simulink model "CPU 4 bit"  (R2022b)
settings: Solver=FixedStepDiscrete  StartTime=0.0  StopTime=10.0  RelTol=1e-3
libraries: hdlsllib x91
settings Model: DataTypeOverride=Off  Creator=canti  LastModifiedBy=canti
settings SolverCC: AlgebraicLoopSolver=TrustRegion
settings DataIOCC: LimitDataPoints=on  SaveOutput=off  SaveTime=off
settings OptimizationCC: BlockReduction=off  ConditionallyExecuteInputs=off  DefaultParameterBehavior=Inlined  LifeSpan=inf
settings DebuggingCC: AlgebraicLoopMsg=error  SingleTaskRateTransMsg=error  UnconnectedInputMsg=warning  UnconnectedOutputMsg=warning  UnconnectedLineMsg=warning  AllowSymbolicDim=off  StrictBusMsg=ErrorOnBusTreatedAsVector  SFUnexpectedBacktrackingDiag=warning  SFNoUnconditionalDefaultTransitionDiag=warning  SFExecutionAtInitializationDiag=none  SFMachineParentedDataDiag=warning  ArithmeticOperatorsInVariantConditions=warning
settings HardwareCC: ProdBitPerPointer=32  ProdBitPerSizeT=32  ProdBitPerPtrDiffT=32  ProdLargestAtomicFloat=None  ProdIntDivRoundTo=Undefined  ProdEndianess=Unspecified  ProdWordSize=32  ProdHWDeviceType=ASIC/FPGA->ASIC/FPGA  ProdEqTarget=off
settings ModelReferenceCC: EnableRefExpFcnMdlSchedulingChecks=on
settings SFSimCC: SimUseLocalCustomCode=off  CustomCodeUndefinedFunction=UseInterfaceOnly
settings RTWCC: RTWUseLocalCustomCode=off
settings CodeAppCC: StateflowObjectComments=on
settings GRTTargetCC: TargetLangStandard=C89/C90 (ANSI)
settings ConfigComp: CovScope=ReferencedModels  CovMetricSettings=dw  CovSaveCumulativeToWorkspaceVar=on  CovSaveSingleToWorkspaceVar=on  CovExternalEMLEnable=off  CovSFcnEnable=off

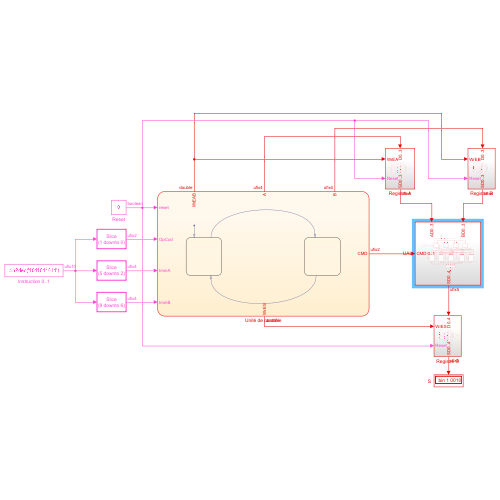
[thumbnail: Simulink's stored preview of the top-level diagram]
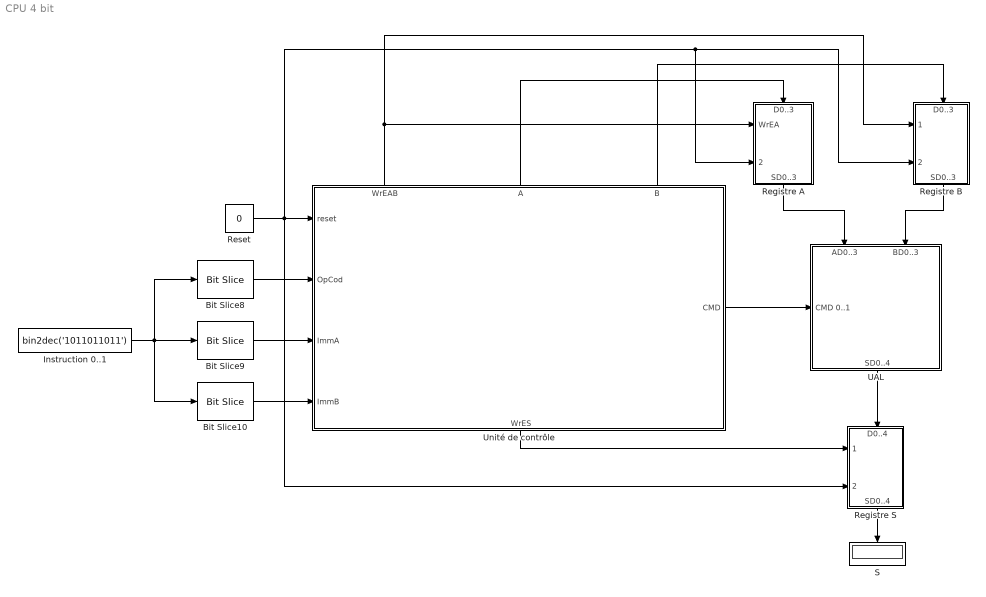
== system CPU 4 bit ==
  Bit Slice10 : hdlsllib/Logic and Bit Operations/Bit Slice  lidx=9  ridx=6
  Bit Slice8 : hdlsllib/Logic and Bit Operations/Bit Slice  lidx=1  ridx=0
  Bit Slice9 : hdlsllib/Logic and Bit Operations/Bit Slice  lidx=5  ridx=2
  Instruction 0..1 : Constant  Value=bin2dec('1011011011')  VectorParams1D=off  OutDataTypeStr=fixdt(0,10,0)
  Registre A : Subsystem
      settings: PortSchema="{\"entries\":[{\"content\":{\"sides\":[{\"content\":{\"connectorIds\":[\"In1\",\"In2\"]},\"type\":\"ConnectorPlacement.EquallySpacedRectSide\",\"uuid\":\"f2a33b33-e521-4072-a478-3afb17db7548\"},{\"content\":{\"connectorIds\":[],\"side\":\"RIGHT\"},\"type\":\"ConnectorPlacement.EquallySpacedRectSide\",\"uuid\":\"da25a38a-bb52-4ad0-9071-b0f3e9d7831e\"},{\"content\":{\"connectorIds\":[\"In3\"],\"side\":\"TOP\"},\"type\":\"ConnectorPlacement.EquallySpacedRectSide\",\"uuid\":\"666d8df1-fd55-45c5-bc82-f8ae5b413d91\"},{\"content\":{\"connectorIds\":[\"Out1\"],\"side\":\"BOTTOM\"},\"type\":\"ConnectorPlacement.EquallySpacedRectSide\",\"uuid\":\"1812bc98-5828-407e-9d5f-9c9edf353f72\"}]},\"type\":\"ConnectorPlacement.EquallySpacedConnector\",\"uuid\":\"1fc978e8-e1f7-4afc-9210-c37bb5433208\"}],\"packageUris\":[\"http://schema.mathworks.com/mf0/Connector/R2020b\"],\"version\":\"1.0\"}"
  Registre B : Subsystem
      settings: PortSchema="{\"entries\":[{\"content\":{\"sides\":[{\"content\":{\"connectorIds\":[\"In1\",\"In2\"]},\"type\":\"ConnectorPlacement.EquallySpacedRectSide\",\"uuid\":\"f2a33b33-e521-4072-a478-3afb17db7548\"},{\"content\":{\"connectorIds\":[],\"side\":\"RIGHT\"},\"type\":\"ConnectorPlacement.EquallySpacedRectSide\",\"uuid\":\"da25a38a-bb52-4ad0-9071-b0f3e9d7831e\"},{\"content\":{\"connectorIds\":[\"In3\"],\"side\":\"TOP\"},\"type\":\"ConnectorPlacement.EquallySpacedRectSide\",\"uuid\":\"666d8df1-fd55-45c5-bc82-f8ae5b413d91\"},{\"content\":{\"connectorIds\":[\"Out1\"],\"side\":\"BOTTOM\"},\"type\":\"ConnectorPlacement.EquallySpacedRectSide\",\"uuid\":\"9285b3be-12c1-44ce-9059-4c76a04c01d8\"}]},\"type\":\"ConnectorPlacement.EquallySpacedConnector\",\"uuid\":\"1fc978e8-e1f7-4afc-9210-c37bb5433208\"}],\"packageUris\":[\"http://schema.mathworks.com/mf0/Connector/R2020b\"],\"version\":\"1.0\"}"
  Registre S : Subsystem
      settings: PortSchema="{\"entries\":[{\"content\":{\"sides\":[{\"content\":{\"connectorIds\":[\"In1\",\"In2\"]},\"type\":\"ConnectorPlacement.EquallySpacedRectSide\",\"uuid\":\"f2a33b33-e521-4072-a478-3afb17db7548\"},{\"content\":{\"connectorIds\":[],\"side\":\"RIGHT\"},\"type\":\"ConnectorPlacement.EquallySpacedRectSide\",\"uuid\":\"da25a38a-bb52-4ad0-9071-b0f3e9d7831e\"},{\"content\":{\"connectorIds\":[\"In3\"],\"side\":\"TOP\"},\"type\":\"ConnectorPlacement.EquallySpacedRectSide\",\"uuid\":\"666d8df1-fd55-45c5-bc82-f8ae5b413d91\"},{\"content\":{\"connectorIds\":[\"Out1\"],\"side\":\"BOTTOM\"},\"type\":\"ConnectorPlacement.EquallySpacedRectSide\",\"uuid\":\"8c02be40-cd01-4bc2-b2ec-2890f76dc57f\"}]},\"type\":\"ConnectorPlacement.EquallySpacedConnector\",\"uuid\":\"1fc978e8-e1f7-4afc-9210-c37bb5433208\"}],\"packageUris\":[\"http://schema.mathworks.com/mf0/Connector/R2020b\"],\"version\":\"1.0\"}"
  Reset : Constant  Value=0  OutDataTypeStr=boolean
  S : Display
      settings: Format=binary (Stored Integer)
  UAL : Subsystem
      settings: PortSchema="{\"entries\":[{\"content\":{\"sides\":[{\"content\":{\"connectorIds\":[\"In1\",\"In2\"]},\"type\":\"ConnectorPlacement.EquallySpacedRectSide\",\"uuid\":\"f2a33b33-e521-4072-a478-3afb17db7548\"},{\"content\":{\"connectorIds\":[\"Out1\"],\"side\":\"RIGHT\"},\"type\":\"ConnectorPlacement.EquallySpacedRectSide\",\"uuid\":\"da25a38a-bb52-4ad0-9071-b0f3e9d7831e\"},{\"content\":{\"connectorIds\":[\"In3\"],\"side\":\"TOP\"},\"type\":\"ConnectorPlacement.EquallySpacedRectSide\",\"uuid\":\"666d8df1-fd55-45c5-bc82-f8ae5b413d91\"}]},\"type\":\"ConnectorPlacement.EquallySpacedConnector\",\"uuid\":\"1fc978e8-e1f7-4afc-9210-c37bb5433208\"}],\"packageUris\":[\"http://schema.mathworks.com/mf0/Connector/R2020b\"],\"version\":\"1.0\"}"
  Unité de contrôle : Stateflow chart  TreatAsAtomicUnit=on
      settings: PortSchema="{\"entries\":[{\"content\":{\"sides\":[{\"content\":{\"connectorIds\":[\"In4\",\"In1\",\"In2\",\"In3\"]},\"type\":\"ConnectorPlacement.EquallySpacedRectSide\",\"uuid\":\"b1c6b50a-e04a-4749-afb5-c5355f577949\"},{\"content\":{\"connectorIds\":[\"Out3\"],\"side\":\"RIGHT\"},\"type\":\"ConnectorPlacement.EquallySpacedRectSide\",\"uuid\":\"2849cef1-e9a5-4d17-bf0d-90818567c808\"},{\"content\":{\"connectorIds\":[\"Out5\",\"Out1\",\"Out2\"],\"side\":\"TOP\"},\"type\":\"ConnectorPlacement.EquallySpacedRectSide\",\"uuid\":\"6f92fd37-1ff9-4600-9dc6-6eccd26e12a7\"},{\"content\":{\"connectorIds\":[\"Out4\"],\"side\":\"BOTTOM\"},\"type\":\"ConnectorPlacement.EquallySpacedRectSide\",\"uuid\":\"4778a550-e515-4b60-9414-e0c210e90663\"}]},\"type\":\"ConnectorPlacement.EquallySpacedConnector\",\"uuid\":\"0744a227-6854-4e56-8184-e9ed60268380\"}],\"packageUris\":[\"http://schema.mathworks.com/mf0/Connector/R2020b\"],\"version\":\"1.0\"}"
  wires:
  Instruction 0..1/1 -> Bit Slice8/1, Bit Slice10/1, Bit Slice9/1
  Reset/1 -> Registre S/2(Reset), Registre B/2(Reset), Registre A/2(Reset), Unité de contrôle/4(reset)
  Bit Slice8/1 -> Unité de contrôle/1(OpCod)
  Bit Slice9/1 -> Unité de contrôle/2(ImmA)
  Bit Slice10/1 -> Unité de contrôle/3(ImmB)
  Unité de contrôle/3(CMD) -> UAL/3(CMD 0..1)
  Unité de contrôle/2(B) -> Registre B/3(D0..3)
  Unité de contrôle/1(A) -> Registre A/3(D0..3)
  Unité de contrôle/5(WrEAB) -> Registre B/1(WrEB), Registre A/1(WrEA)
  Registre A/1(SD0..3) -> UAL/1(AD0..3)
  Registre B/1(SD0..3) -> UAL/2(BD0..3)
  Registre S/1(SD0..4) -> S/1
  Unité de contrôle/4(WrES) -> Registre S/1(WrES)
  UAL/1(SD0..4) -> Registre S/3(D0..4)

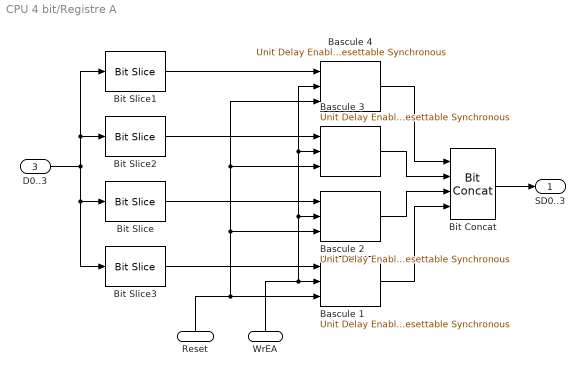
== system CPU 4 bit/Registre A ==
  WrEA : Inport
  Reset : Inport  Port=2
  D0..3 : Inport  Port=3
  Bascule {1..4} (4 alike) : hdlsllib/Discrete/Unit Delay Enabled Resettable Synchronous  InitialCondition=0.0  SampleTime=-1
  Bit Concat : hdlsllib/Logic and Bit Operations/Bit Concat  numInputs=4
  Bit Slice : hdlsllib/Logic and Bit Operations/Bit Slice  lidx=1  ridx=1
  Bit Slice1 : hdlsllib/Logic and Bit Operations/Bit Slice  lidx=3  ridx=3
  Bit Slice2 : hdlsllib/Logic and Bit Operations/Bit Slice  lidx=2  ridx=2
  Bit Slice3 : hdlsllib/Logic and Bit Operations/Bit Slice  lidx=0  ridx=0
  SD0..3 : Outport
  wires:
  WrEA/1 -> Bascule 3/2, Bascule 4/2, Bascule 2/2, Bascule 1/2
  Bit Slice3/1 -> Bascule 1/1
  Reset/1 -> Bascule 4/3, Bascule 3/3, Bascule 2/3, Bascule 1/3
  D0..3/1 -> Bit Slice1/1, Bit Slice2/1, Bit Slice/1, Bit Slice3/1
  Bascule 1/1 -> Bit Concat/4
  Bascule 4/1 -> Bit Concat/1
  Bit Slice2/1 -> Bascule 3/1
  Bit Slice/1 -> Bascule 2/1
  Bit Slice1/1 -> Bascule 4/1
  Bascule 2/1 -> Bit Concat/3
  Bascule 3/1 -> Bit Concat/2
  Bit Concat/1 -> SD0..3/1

• [Try it]: Print exactly the lines from the one containing "Bit Slice3 : hdlsllib/Logic" through the last line of the records above, both included.

• [Task solution]:
  Bit Slice3 : hdlsllib/Logic and Bit Operations/Bit Slice  lidx=0  ridx=0
  SD0..3 : Outport
  wires:
  WrEA/1 -> Bascule 3/2, Bascule 4/2, Bascule 2/2, Bascule 1/2
  Bit Slice3/1 -> Bascule 1/1
  Reset/1 -> Bascule 4/3, Bascule 3/3, Bascule 2/3, Bascule 1/3
  D0..3/1 -> Bit Slice1/1, Bit Slice2/1, Bit Slice/1, Bit Slice3/1
  Bascule 1/1 -> Bit Concat/4
  Bascule 4/1 -> Bit Concat/1
  Bit Slice2/1 -> Bascule 3/1
  Bit Slice/1 -> Bascule 2/1
  Bit Slice1/1 -> Bascule 4/1
  Bascule 2/1 -> Bit Concat/3
  Bascule 3/1 -> Bit Concat/2
  Bit Concat/1 -> SD0..3/1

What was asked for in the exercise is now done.